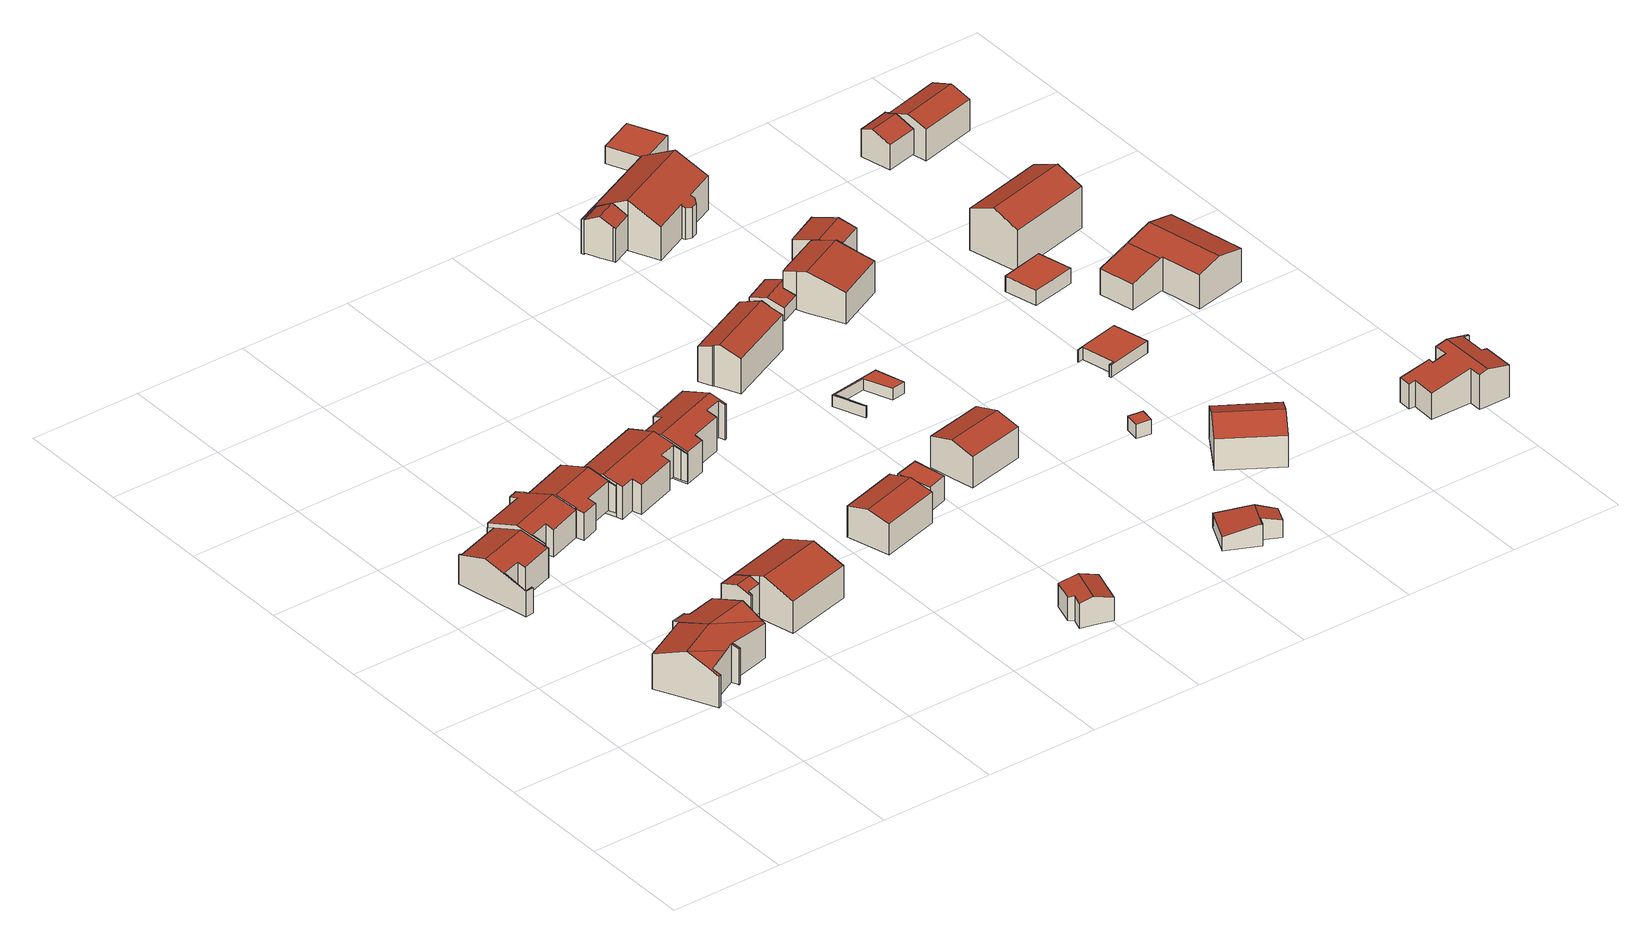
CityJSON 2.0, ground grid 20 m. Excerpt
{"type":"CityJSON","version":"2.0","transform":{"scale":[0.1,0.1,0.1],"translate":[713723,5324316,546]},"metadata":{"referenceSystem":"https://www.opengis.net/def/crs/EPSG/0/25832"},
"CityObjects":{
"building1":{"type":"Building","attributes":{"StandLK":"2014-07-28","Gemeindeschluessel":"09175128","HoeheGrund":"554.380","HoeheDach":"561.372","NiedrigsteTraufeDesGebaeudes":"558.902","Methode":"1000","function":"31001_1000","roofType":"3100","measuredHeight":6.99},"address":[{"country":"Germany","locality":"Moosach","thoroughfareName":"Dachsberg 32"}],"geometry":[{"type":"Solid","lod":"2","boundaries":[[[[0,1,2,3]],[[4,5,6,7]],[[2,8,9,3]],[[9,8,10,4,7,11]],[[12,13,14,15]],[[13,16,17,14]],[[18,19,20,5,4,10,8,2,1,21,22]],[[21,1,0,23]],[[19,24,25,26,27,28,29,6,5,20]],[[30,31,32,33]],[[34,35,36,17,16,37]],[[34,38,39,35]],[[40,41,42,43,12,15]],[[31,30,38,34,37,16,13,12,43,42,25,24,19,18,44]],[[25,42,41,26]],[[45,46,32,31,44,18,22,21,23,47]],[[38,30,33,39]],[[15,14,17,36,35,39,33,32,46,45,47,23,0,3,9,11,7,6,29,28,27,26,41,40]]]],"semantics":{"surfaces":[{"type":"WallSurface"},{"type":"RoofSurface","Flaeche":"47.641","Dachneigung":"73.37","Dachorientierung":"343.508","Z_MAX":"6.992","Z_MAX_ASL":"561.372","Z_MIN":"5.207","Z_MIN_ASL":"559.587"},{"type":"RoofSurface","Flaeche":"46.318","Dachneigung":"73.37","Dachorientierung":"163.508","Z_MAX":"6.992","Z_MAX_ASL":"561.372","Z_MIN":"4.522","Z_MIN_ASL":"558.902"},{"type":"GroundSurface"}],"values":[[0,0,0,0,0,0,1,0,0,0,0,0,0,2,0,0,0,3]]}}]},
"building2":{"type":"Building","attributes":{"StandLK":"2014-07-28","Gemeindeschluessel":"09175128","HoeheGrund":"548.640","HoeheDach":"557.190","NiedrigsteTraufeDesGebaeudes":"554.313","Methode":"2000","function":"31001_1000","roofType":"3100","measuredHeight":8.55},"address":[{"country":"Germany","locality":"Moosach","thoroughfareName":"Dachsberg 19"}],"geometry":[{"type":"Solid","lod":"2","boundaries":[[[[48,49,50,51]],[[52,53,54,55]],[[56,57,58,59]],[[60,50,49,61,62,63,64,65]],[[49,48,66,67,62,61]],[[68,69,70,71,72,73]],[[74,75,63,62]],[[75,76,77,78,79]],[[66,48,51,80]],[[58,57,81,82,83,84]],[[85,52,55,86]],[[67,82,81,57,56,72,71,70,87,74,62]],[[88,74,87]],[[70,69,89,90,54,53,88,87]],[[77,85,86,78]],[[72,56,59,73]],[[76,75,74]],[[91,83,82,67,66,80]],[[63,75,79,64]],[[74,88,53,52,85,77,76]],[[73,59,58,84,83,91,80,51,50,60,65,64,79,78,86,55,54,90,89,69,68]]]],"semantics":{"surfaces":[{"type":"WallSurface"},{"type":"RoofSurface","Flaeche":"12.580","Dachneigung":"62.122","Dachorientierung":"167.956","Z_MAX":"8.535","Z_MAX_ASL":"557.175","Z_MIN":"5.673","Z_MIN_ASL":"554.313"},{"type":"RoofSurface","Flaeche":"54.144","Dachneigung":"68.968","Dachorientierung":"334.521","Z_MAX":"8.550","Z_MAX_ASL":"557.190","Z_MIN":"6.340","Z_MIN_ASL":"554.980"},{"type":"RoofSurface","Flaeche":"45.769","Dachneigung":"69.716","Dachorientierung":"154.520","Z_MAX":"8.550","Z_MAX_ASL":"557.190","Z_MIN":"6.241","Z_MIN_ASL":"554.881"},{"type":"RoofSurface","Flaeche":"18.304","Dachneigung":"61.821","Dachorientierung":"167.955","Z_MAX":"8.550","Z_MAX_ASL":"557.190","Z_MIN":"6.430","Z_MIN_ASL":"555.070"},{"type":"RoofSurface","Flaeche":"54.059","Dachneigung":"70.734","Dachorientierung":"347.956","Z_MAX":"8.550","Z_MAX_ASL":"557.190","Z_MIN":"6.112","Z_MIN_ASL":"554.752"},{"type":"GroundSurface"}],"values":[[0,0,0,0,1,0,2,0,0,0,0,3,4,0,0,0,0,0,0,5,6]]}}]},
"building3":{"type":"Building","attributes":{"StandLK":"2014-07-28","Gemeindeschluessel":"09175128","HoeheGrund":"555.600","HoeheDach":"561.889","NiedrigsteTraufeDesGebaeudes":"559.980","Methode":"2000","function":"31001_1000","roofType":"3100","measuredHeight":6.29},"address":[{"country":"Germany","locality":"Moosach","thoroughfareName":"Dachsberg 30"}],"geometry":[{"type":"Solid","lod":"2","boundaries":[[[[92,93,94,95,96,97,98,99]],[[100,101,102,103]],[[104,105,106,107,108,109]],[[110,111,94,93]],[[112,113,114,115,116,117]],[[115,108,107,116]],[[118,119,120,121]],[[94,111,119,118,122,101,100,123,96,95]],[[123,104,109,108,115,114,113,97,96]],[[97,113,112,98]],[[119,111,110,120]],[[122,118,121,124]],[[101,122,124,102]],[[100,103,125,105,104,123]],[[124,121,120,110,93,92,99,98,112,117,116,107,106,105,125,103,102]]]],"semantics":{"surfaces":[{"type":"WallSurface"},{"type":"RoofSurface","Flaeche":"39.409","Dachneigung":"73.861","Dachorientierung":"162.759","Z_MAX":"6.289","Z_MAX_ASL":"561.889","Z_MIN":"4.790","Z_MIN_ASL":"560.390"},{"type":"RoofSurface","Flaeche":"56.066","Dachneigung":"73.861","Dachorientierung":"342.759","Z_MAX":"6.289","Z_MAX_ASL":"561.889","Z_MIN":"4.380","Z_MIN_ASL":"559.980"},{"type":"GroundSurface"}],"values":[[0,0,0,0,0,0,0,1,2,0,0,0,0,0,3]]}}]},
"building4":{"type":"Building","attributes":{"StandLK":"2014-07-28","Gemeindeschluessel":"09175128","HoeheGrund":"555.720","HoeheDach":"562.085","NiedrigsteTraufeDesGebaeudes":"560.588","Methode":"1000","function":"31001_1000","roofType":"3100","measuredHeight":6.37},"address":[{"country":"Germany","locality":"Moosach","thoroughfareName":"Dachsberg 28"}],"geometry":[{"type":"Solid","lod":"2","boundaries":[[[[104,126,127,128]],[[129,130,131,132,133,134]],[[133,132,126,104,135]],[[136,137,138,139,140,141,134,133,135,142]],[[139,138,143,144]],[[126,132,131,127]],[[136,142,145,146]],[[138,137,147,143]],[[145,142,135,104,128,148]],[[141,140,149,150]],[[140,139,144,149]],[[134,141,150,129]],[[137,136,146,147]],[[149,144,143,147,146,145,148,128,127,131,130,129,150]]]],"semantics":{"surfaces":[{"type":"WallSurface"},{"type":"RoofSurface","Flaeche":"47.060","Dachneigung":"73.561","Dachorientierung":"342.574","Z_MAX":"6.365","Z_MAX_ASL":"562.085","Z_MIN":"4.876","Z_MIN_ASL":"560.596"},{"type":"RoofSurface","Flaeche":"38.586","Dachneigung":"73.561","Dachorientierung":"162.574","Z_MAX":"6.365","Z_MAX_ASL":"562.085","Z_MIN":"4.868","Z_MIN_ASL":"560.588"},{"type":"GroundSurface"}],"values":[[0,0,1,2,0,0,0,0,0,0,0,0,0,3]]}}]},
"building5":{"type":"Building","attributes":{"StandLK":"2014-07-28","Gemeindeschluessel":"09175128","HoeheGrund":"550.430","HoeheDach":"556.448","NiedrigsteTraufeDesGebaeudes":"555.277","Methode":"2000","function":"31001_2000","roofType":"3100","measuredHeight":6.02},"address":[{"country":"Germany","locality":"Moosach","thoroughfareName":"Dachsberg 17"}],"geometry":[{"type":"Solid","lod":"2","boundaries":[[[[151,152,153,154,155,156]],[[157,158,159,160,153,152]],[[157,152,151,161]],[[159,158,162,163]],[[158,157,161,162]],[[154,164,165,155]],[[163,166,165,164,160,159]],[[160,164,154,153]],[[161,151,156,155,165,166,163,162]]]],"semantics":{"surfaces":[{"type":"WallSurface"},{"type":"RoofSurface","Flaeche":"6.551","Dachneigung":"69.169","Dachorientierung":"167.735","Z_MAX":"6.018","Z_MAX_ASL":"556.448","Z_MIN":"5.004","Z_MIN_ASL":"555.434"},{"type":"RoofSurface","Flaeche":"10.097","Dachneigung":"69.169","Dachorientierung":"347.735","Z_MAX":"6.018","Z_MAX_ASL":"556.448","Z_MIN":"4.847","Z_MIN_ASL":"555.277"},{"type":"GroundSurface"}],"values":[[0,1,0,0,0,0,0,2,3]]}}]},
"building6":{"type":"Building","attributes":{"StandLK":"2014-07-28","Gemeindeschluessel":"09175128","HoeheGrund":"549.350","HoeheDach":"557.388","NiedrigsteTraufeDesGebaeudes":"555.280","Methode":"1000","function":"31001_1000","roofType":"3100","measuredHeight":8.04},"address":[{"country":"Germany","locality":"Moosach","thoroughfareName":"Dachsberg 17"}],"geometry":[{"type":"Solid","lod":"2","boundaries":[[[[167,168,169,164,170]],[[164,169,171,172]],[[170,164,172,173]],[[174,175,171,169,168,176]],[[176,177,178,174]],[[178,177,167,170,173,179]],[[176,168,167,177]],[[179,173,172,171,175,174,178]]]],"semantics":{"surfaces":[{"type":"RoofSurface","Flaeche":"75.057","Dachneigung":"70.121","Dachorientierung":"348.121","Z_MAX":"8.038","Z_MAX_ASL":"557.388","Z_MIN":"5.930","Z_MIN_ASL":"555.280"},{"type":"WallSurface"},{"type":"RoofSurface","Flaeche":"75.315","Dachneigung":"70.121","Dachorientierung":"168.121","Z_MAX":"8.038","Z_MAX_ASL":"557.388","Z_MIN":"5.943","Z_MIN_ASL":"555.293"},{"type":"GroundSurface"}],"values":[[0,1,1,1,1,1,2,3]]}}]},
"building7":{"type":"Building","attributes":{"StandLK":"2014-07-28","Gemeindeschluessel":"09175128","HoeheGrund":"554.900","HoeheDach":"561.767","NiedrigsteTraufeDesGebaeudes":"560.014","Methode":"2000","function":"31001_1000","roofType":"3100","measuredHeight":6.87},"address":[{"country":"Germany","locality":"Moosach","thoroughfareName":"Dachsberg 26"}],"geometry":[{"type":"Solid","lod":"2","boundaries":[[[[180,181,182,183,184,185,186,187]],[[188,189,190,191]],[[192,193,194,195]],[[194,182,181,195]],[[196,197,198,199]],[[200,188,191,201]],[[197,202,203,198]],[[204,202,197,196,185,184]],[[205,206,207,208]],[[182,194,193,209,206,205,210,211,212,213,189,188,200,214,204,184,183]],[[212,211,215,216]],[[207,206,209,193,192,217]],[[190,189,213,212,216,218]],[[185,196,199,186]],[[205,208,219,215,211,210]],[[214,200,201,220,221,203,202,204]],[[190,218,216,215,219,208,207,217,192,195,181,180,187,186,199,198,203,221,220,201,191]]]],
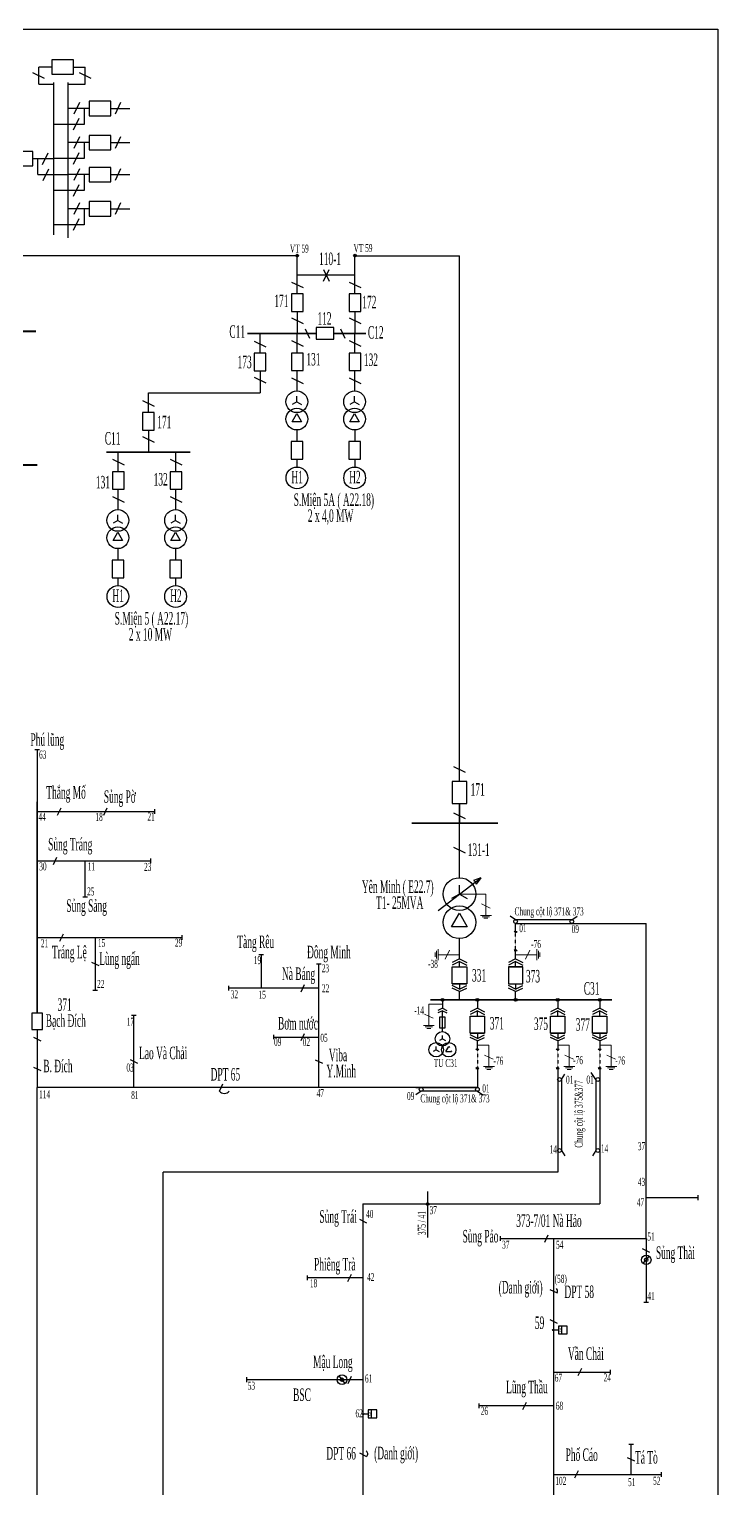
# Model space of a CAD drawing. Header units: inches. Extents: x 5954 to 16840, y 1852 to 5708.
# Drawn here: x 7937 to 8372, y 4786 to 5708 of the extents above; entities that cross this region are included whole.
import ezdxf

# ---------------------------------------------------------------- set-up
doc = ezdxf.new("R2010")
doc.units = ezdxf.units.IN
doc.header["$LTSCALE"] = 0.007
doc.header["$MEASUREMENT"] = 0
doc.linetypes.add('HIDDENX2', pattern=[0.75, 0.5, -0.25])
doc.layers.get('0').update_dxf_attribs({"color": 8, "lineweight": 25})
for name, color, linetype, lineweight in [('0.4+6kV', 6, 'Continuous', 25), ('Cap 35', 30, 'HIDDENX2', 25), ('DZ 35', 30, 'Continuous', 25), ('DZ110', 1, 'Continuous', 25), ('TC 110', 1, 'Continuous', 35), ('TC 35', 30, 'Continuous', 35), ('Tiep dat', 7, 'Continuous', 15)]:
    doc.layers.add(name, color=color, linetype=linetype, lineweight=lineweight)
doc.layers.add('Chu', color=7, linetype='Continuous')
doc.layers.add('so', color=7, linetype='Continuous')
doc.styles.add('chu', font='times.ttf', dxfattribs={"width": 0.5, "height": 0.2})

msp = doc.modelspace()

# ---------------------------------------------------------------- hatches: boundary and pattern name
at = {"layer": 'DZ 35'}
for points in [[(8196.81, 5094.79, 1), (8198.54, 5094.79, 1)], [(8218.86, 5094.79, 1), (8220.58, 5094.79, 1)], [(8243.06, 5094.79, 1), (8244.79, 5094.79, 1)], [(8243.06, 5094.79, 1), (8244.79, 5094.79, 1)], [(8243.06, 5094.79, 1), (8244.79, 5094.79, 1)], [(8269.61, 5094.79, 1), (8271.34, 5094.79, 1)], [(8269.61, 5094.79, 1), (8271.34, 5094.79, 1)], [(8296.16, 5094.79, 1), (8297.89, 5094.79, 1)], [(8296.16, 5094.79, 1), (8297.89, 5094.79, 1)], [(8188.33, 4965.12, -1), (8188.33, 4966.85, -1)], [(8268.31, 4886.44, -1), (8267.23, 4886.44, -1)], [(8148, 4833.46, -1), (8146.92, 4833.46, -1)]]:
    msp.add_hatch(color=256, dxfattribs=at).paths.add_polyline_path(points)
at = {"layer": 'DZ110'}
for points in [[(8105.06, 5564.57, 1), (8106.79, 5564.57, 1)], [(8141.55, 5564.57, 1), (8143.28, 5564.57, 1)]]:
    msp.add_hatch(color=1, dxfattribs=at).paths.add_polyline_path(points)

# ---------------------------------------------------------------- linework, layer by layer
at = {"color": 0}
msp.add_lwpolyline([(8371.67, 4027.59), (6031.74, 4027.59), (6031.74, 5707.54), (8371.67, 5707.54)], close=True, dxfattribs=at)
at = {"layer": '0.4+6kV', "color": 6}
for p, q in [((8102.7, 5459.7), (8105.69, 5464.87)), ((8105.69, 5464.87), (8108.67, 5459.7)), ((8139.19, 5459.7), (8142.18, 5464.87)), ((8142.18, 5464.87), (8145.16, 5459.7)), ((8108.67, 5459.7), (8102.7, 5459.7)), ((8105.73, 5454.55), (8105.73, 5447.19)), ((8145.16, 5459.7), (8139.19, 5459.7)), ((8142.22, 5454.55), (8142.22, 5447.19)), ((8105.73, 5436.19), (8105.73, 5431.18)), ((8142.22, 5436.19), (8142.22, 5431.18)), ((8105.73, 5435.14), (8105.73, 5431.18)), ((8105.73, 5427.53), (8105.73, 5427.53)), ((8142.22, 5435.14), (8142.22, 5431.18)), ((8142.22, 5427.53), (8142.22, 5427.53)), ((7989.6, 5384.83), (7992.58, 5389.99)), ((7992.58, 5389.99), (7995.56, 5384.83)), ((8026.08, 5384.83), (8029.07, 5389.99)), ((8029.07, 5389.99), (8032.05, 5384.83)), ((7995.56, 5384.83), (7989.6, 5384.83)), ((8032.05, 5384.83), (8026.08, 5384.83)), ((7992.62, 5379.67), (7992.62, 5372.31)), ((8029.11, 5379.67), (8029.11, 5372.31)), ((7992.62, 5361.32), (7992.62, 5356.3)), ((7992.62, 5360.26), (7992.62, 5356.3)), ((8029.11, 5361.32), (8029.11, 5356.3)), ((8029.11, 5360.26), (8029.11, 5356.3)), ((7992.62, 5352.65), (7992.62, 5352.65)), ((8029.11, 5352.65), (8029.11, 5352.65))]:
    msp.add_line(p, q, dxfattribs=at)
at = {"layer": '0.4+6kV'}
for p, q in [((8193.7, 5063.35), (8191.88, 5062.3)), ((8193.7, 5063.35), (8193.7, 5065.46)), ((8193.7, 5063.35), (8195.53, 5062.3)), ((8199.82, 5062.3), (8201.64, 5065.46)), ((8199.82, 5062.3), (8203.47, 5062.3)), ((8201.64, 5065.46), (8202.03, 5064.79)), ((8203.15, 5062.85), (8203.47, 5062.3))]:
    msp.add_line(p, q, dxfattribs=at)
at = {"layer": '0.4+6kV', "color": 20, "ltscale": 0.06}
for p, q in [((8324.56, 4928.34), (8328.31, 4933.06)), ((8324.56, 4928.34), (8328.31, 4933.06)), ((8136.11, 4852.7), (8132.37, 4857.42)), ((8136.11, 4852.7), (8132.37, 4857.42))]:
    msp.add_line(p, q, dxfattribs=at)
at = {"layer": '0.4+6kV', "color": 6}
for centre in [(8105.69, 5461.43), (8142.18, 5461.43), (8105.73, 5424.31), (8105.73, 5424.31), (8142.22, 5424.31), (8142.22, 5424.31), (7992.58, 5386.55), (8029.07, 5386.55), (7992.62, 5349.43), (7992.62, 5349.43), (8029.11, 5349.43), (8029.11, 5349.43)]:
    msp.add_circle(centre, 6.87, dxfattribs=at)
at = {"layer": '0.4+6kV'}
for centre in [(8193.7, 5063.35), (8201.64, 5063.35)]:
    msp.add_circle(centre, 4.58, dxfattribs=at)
**********
**Exercise goal**
Give back precisely the lines above that start at the line containing "# Drawn here: x" and end at the line containing "doc.units = ezdxf.units.IN", inclusive. No other lines belong in the output.

**Written solution**
# Drawn here: x 7937 to 8372, y 4786 to 5708 of the extents above; entities that cross this region are included whole.
import ezdxf

# ---------------------------------------------------------------- set-up
doc = ezdxf.new("R2010")
doc.units = ezdxf.units.IN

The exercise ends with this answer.